Re: Seymour M. Hersh · Military to Military: US intelligence sharing in the Syrian war · LRB 7 January 2016
Perry Noid
coolwithdoc at gmail.com
Tue Dec 22 06:59:12 CST 2015
Heard this the other day that talks about just that
http://www.npr.org/2015/12/15/459697926/the-psychology-of-radicalization-how-terrorist-groups-attract-young-followers
On Tuesday, December 22, 2015, Kai Frederik Lorentzen <lorentzen at hotmail.de>
wrote:
>
> *> How do you explain the fascination that a completely barbaric and
> savage organization like the Islamic State holds for many young Muslim
> people living in Europe?*
>
> There has been a good deal of careful study of the phenomenon, by Scott
> Atran among others. The appeal seems to be primarily among young people who
> live under conditions of repression and humiliation, with little hope and
> little opportunity, and who seek some goal in life that offers dignity and
> self-realization; in this case, establishing a utopian Islamic state rising
> in opposition to centuries of subjugation and destruction by Western
> imperial power. In addition, there appears to be a good deal of peer
> pressure - members of the same soccer club, and so on. The sharply
> sectarian nature of the regional conflicts no doubt is also a factor - not
> just "defending Islam" but defending it from Shiite apostates. It's a very
> ugly and dangerous scene. <
>
> This is not wrong but incomplete. For many young Muslim people living in
> Europe, among them also converts, fundamentalism is a powerful pop culture.

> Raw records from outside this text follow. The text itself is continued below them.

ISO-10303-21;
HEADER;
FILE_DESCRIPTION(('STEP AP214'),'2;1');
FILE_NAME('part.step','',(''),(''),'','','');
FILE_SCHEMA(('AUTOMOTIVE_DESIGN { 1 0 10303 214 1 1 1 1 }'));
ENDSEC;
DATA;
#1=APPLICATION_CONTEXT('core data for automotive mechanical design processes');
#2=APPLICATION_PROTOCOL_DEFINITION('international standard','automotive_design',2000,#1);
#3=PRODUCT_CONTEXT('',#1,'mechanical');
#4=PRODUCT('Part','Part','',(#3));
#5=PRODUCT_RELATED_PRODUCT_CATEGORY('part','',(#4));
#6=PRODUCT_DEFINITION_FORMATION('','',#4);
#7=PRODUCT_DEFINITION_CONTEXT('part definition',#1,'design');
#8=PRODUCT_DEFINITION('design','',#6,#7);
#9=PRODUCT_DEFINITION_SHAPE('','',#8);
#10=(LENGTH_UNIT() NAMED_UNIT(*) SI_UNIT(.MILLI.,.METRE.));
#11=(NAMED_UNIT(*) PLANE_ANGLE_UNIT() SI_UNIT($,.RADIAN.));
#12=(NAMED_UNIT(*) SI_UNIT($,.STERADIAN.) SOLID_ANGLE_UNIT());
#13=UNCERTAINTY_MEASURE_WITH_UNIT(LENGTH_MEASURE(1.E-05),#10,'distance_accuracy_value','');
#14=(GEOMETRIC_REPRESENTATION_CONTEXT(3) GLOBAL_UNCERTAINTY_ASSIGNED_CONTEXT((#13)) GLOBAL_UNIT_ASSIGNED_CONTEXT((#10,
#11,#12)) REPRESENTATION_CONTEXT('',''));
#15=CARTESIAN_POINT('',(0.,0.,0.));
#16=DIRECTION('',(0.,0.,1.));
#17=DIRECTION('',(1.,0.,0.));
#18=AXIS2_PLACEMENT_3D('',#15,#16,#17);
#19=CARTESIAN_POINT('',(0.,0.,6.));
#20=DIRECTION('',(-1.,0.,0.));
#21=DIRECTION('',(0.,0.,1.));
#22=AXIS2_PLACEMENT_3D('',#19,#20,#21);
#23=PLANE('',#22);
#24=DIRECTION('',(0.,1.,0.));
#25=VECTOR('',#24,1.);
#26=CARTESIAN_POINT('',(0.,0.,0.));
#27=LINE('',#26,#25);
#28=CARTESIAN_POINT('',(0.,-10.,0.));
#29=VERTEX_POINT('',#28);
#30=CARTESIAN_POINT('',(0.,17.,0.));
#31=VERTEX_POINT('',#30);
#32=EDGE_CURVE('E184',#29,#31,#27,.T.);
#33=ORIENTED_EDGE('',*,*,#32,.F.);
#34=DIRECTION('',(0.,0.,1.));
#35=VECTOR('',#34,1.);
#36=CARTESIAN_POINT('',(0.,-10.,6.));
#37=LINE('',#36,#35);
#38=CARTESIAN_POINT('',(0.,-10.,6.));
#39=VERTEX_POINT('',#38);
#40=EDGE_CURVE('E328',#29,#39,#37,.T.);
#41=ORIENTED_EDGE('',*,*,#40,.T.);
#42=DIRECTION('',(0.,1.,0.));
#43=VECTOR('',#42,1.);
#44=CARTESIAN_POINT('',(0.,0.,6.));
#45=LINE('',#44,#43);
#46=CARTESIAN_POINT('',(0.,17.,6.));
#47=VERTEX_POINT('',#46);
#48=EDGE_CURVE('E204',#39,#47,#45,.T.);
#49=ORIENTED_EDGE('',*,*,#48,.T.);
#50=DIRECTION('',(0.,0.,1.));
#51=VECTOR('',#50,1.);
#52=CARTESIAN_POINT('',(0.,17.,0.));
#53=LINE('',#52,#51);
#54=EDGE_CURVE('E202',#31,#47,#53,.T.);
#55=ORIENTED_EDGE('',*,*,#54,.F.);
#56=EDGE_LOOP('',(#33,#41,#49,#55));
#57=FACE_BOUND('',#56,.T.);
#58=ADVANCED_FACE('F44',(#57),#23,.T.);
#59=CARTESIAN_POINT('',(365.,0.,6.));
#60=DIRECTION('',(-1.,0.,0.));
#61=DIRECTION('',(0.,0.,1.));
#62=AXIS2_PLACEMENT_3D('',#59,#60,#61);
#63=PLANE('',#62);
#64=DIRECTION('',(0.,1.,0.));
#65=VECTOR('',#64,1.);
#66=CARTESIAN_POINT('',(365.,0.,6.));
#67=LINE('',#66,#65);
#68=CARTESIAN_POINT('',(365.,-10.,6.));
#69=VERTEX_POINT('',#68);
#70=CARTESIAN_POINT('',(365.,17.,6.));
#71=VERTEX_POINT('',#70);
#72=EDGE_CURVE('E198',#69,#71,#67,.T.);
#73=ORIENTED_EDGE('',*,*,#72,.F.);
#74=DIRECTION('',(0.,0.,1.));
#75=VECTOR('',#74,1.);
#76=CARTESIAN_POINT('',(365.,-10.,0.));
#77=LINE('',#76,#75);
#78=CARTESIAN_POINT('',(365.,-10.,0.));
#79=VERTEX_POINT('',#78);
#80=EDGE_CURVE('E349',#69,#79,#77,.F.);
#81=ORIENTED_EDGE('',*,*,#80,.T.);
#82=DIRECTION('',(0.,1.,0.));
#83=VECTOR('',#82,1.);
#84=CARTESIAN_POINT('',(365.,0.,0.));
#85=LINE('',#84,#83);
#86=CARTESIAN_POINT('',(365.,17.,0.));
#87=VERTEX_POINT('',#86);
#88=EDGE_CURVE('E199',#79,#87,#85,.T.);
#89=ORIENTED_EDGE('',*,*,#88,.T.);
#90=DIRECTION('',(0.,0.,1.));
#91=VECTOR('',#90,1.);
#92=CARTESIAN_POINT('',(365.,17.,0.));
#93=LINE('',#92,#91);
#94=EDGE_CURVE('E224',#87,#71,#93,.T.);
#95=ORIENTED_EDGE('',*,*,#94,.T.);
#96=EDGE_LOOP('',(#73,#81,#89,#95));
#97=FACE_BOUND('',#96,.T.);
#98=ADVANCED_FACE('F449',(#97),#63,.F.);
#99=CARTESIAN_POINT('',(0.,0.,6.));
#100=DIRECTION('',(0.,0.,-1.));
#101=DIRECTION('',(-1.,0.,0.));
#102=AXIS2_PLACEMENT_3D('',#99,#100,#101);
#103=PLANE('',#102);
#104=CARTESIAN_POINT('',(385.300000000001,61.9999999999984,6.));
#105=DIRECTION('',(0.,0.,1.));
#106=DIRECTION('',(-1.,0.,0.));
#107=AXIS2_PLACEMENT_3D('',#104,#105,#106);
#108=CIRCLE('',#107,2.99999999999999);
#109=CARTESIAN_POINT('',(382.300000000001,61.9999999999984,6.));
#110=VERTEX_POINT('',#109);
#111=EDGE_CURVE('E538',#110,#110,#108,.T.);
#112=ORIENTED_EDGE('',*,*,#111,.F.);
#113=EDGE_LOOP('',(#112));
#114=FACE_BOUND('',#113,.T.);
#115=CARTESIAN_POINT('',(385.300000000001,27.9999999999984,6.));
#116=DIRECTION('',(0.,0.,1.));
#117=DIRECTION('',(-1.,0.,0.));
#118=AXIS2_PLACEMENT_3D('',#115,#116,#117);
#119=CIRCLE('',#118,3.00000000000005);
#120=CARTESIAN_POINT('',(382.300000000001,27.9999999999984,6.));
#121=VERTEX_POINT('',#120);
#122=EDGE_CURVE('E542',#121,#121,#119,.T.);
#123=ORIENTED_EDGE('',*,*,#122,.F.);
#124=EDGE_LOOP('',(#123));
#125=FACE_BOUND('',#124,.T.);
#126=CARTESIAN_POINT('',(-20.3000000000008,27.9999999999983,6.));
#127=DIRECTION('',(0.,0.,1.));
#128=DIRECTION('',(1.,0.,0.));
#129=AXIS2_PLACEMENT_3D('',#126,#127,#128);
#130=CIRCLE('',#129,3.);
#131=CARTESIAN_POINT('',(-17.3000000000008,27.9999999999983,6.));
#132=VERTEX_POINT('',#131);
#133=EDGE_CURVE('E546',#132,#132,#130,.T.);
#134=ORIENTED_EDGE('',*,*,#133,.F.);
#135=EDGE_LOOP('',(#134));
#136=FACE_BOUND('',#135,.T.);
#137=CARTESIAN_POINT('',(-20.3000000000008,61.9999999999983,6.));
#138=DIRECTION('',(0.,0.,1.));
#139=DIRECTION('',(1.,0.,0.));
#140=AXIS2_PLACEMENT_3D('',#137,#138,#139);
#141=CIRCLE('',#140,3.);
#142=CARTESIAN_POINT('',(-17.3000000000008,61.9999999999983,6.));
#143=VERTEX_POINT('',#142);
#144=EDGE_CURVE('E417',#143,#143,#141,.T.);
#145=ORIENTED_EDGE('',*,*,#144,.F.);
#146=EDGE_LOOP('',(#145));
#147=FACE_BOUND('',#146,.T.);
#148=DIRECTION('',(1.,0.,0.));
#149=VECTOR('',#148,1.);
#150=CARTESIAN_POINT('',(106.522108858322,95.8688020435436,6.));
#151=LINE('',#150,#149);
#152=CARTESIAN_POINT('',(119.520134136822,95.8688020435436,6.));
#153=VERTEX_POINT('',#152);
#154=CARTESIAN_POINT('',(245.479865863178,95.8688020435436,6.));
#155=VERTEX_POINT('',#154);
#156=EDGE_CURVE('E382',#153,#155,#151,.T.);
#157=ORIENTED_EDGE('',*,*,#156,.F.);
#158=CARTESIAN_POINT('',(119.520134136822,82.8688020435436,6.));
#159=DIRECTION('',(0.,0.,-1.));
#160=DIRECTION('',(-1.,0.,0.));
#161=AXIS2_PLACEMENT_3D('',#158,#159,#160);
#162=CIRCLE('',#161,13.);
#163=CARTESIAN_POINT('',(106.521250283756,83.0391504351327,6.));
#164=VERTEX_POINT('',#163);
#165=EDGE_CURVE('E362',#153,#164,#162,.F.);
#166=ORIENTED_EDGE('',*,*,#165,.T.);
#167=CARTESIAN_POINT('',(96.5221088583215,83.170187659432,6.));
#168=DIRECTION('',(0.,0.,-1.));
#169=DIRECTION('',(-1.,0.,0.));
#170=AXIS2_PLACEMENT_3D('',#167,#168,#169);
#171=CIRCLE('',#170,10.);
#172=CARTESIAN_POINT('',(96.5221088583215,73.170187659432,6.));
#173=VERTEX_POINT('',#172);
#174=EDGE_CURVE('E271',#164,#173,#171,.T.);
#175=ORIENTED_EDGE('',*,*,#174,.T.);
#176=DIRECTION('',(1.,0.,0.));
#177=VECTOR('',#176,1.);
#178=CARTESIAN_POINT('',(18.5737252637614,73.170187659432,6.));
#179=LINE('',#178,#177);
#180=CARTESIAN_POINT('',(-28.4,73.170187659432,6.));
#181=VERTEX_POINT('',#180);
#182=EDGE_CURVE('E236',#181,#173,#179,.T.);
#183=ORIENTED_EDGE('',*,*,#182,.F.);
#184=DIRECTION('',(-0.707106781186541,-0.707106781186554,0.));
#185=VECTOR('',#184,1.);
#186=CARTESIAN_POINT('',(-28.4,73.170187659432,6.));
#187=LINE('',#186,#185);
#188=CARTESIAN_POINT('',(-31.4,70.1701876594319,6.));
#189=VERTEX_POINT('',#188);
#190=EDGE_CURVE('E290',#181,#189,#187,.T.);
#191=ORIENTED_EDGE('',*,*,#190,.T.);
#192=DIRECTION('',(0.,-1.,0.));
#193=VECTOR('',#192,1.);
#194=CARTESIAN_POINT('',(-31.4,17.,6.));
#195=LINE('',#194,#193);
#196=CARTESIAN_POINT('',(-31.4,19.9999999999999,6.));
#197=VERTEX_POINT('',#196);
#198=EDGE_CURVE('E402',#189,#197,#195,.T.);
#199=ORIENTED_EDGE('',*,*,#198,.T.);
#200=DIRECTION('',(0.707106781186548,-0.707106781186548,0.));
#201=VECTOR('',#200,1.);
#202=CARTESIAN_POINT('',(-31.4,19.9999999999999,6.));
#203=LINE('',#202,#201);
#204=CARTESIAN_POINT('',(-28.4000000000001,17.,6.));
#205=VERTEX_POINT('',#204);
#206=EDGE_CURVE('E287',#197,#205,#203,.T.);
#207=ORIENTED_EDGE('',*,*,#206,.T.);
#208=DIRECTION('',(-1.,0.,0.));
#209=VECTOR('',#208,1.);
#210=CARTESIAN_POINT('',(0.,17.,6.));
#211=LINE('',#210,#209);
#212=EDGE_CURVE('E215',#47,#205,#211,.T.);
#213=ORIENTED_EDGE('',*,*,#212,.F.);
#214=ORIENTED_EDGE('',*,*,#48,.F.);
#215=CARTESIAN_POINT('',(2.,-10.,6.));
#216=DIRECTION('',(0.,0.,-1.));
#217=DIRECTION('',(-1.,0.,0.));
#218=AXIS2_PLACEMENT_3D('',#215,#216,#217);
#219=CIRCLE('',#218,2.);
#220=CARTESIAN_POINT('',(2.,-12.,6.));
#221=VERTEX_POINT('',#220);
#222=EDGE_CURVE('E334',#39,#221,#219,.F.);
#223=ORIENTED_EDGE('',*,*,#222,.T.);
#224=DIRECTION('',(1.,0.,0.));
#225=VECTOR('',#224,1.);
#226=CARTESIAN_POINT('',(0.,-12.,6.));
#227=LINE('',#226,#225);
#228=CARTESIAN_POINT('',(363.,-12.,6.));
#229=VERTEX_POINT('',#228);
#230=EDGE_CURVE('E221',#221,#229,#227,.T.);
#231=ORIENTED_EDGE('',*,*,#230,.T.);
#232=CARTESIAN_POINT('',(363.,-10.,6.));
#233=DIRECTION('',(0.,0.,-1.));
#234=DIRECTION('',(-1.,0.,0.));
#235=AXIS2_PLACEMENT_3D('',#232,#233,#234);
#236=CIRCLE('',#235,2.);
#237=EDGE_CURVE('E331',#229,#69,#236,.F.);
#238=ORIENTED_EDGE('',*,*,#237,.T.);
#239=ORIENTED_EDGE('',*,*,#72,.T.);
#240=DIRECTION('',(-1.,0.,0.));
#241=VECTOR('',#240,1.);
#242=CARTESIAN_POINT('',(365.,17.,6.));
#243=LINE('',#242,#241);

> Jihad is the new cool! And that's a big problem.
>
>
> On 22.12.2015 12:23, ish mailian wrote:
>
> The Empire of Chaos: An Interview With Noam Chomsky
>
> http://www.truth-out.org/news/item/33519-the-empire-of-chaos-an-interview-with-noam-chomsky
>
> On Tue, Dec 22, 2015 at 6:18 AM, ish mailian <ishmailian at gmail.com
> <javascript:_e(%7B%7D,'cvml','ishmailian at gmail.com');>> wrote:
>
>> Complicated that America is, so many competing interests, so many people
>> with power, with a card to play. In The Consequentialist essay we can see
>> how competing ideas clash in the white house, how differences may be set up
>> along factional lines that run deep into who and what people are, that, for
>> example, members of the decision making staff even take gendered political
>> stances that, while seemingly stereotypical, and therefore, easily
>> dismissed as such, are factional factors that we need to understand if we
>> are to understand how the politics operates.
>>
>> In the Cole book, Charles Wilson, merely a congressmen, is shown to have
>> a big impact. The film has brought this to the public. But read Cole and
>> you learn of hundreds of players, minor players by most measures, but
>> significant policy drivers, movers and shakers. And we never hear of them
>> because they are never made the subject of a Hollywood film and because
>> they were never elected to any office.
>>
>> There are people in the US government that supported the Arab Spring.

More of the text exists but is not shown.